その棟梁である、アデリアというサキュバスを倒した。
しかし、そこに現れたのは……
「……誰だ、お前?」
「……」
緑色の髪、悪魔のような角、胸に着けてる分厚いヨロイ、何より両腕になっている翼……
そして、見るからに凶悪なハーピーという感じの女だった。
「……また女かよ。」
「私達魔物の社会は、女が台頭に立っているのだ……貴様ら人間の男社会とは、訳が違う。」
アデリアは脇腹を押さえながらそう言ってから、そいつに向き直した。
「い、何時から見ていらっしゃったのですか……ハルピュイア様……!」
「ハルピュイア?」
どうやら、そこの緑髪のハーピーの事らしい。
「……!」
こいつ、ただのハーピーでも無さそうだ。
恐らく、そこらの上級モンスターより強い。
「何時から……?そこの少年が、この部屋に着いて辺りから見ていた。

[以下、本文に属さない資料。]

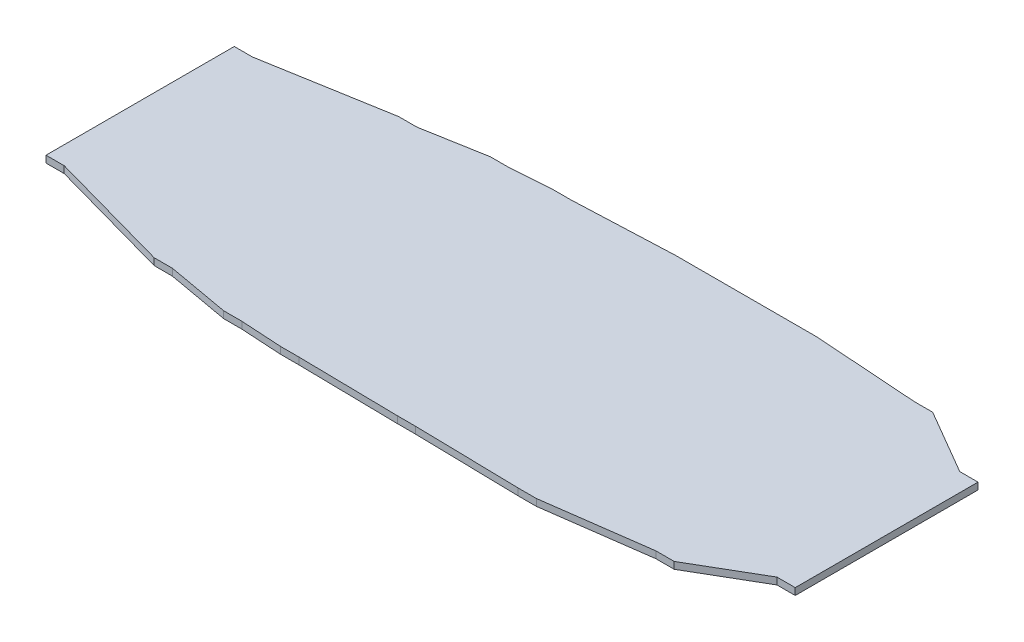
from build123d import *

# Parameters (mm, degrees)
EXTRUDE_1_DEPTH = 3


with BuildPart() as part:
    # 草图2 → 凸台-拉伸1 (new body)
    with BuildSketch(Plane(origin=(0, 0, 0), x_dir=(1, 0, 0), z_dir=(0, 1, 0))):
        Polygon((-164.250453447, 43.992099143), (-164.250453447, -38.575217414), (-156.250453447, -38.575217414), (-101.593567099, -53.798361105), (-93.593567099, -53.798361105), (-66.208524408, -58.698686744), (-58.208524408, -58.698686744), (-40.141191871, -59.767320554), (-32.141191871, -59.767320554), (11.732938579, -60.483417299), (19.732938579, -60.483417299), (65.634661476, -61.432753586), (73.634661476, -61.432753586), (119.770630773, -55.105959377), (127.770630773, -55.105959377), (156.250453447, -38.524764499), (164.250453447, -38.524764499), (164.250453447, 41.621622565), (156.250453447, 41.621622565), (127.770630773, 58.224282644), (119.770630773, 58.224282644), (73.634661476, 61.432753586), (65.634661476, 61.432753586), (19.732938579, 61.409444378), (11.732938579, 61.409444378), (-32.141191871, 59.544459715), (-40.141191871, 59.544459715), (-58.208524408, 58.252780522), (-66.208524408, 58.252780522), (-93.593567099, 53.410080957), (-101.593567099, 53.410080957), (-156.250453447, 43.992099143), align=None)
    extrude(amount=EXTRUDE_1_DEPTH)


solid = part.part
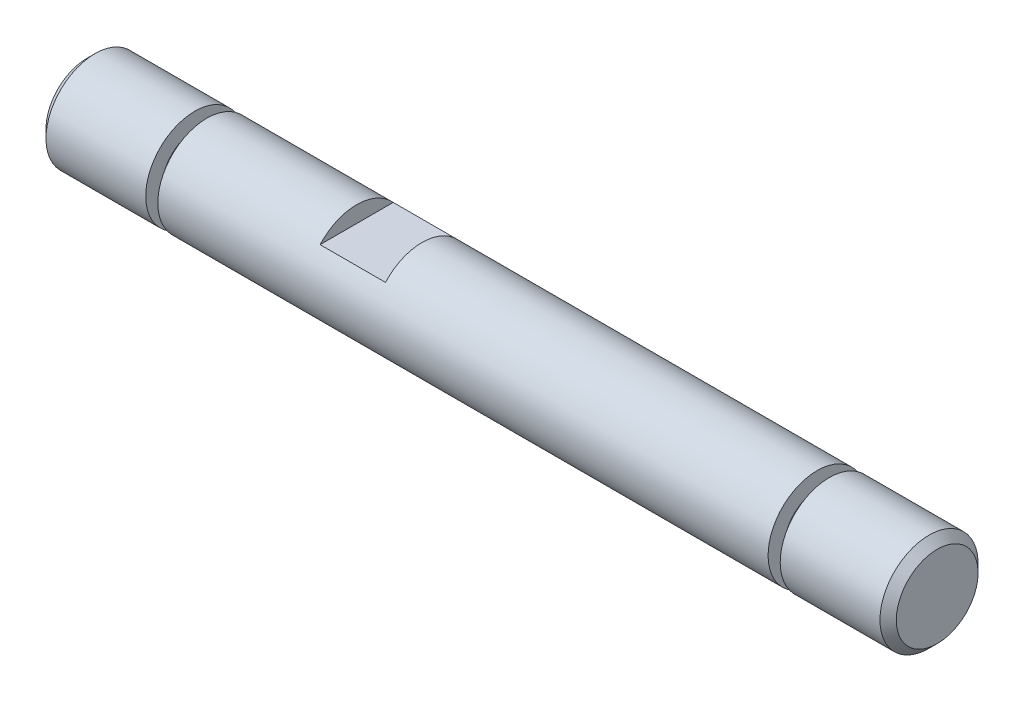
from build123d import *

# Parameters (mm, degrees)
ESQUISSE1_W                  = 52
ESQUISSE1_H                  = 3
CHANFREIN1_SIZE              = 0.5
ENL_V_MAT_EXTRU_1_DEPTH      = 27.343879745
ENL_V_MAT_EXTRU_1_DEPTH_BACK = 27.343879745
ESQUISSE2_W                  = 4
ESQUISSE2_H                  = 2
ESQUISSE3_W                  = 0.74
ESQUISSE3_H                  = 1


with BuildPart() as part:
    # Esquisse1 → Révolution1 (revolve)
    with BuildSketch(Plane.XY, mode=Mode.PRIVATE) as r_volution1_sk:
        with Locations((0, 1.5)):
            Rectangle(ESQUISSE1_W, ESQUISSE1_H)
    revolve(r_volution1_sk.sketch.rotate(Axis((0, 0, 0), (1, 0, 0)), 90), axis=Axis((0, 0, 0), (1, 0, 0)))

    # Chanfrein1
    chanfrein1_edges = [part.edges().sort_by_distance(p)[0] for p in [
        (26, 0, -3),
        (-26, 0, -3),
    ]]
    chamfer(chanfrein1_edges, length=CHANFREIN1_SIZE)

    # Esquisse2 → Enlèv. mat.-Extru.1 (cut, two sides: drawn at the far end of the back side and taken through both)
    with BuildSketch(Plane.XY.offset(-ENL_V_MAT_EXTRU_1_DEPTH_BACK)):
        with Locations((-7.5, 3)):
            Rectangle(ESQUISSE2_W, ESQUISSE2_H)
    extrude(amount=ENL_V_MAT_EXTRU_1_DEPTH + ENL_V_MAT_EXTRU_1_DEPTH_BACK, mode=Mode.SUBTRACT)

    # Esquisse3 → Enlèvement de matière-Révolution1 (revolve, cut)
    with BuildSketch(Plane.XY):
        with Locations((-19.03, 2.5)):
            Rectangle(ESQUISSE3_W, ESQUISSE3_H)
        with Locations((19.03, 2.5)):
            Rectangle(ESQUISSE3_W, ESQUISSE3_H)
    revolve(axis=Axis((0, 0, 0), (-1, 0, 0)), mode=Mode.SUBTRACT)


solid = part.part
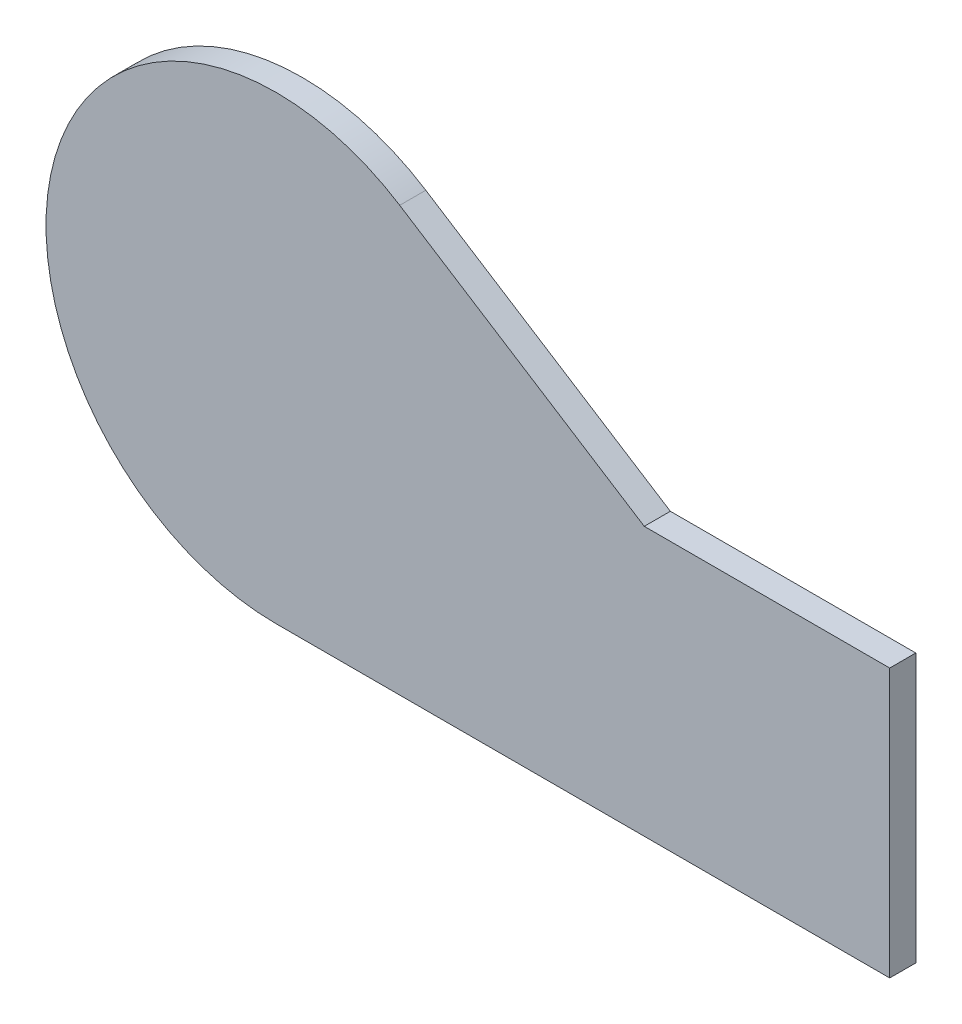
from build123d import *

# Parameters (mm, degrees)
BOSS_EXTRUDE1_DEPTH = 3.4


with BuildPart() as part:
    # Sketch1 → Boss-Extrude1 (new body)
    with BuildSketch(Plane.XY):
        with BuildLine():
            Line((0, -30), (80, -30))
            Line((80, -30), (80, 5))
            Line((80, 5), (48, 5))
            Line((48, 5), (16.114075804, 25.304872277))
            ThreePointArc((16.114075804, 25.304872277), (-28.802310396, 8.392074585), (0, -30))
        make_face()
    extrude(amount=BOSS_EXTRUDE1_DEPTH)


solid = part.part
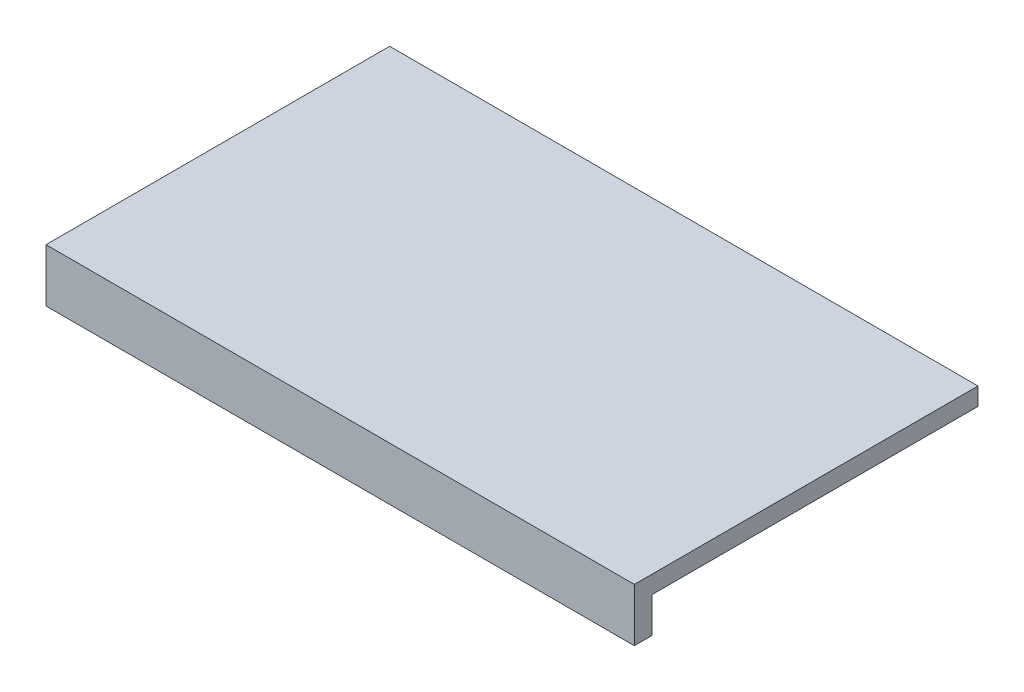
from build123d import *

# Parameters (mm, degrees)
SKETCH1_W           = 565
SKETCH1_H           = 330
BOSS_EXTRUDE1_DEPTH = 17
SKETCH2_W           = 565
SKETCH2_H           = 17
BOSS_EXTRUDE2_DEPTH = 34


with BuildPart() as part:
    # Sketch1 → Boss-Extrude1 (new body)
    with BuildSketch(Plane(origin=(0, 0, 0), x_dir=(1, 0, 0), z_dir=(0, 1, 0))):
        Rectangle(SKETCH1_W, SKETCH1_H)
    extrude(amount=BOSS_EXTRUDE1_DEPTH)

    # Sketch2 → Boss-Extrude2 (add)
    with BuildSketch(Plane.XZ):
        with Locations((0, 156.5)):
            Rectangle(SKETCH2_W, SKETCH2_H)
    extrude(amount=BOSS_EXTRUDE2_DEPTH)


solid = part.part
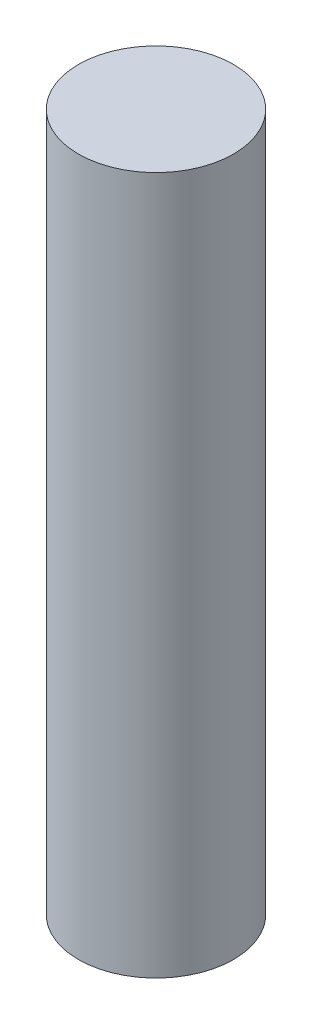
from build123d import *

# Parameters (mm, degrees)
SKETCH2_R           = 4.45
BOSS_EXTRUDE1_DEPTH = 40


with BuildPart() as part:
    # Sketch2 → Boss-Extrude1 (new body)
    with BuildSketch(Plane(origin=(0, 0, 0), x_dir=(1, 0, 0), z_dir=(0, 1, 0))):
        Circle(SKETCH2_R)
    extrude(amount=BOSS_EXTRUDE1_DEPTH)


solid = part.part

」
「……っ!!」
ハルピュイアはジェットに向き、優しく微笑んだ。
「すまないな、紹介が遅れてしまった。私はハルピュイア。四魔姫の一人だ。」
「……四魔姫……!?」
さっき、アデリアが言ってた奴か。
「それにしても、ただの人間がこいつ相手に打ち勝つとはなぁ。私も驚いているぞ。」
「そりゃあどうも……」
ハルピュイアは、アデリアの方に向いた。
「所で……お前程度のサキュバスが、「四魔姫より強い」というのも少し心外だなぁ……」
「……!!お、お許しください!!わ、私は……」
「いや、いいのだ……それが、事実ならばの話だがな。」
ハルピュイアは、エネルギーを解放した。
「!!?」
「!!!」
アデリアとは比べ物にならないほどのエネルギーが発生し、衝撃のような旋風が巻き起こる。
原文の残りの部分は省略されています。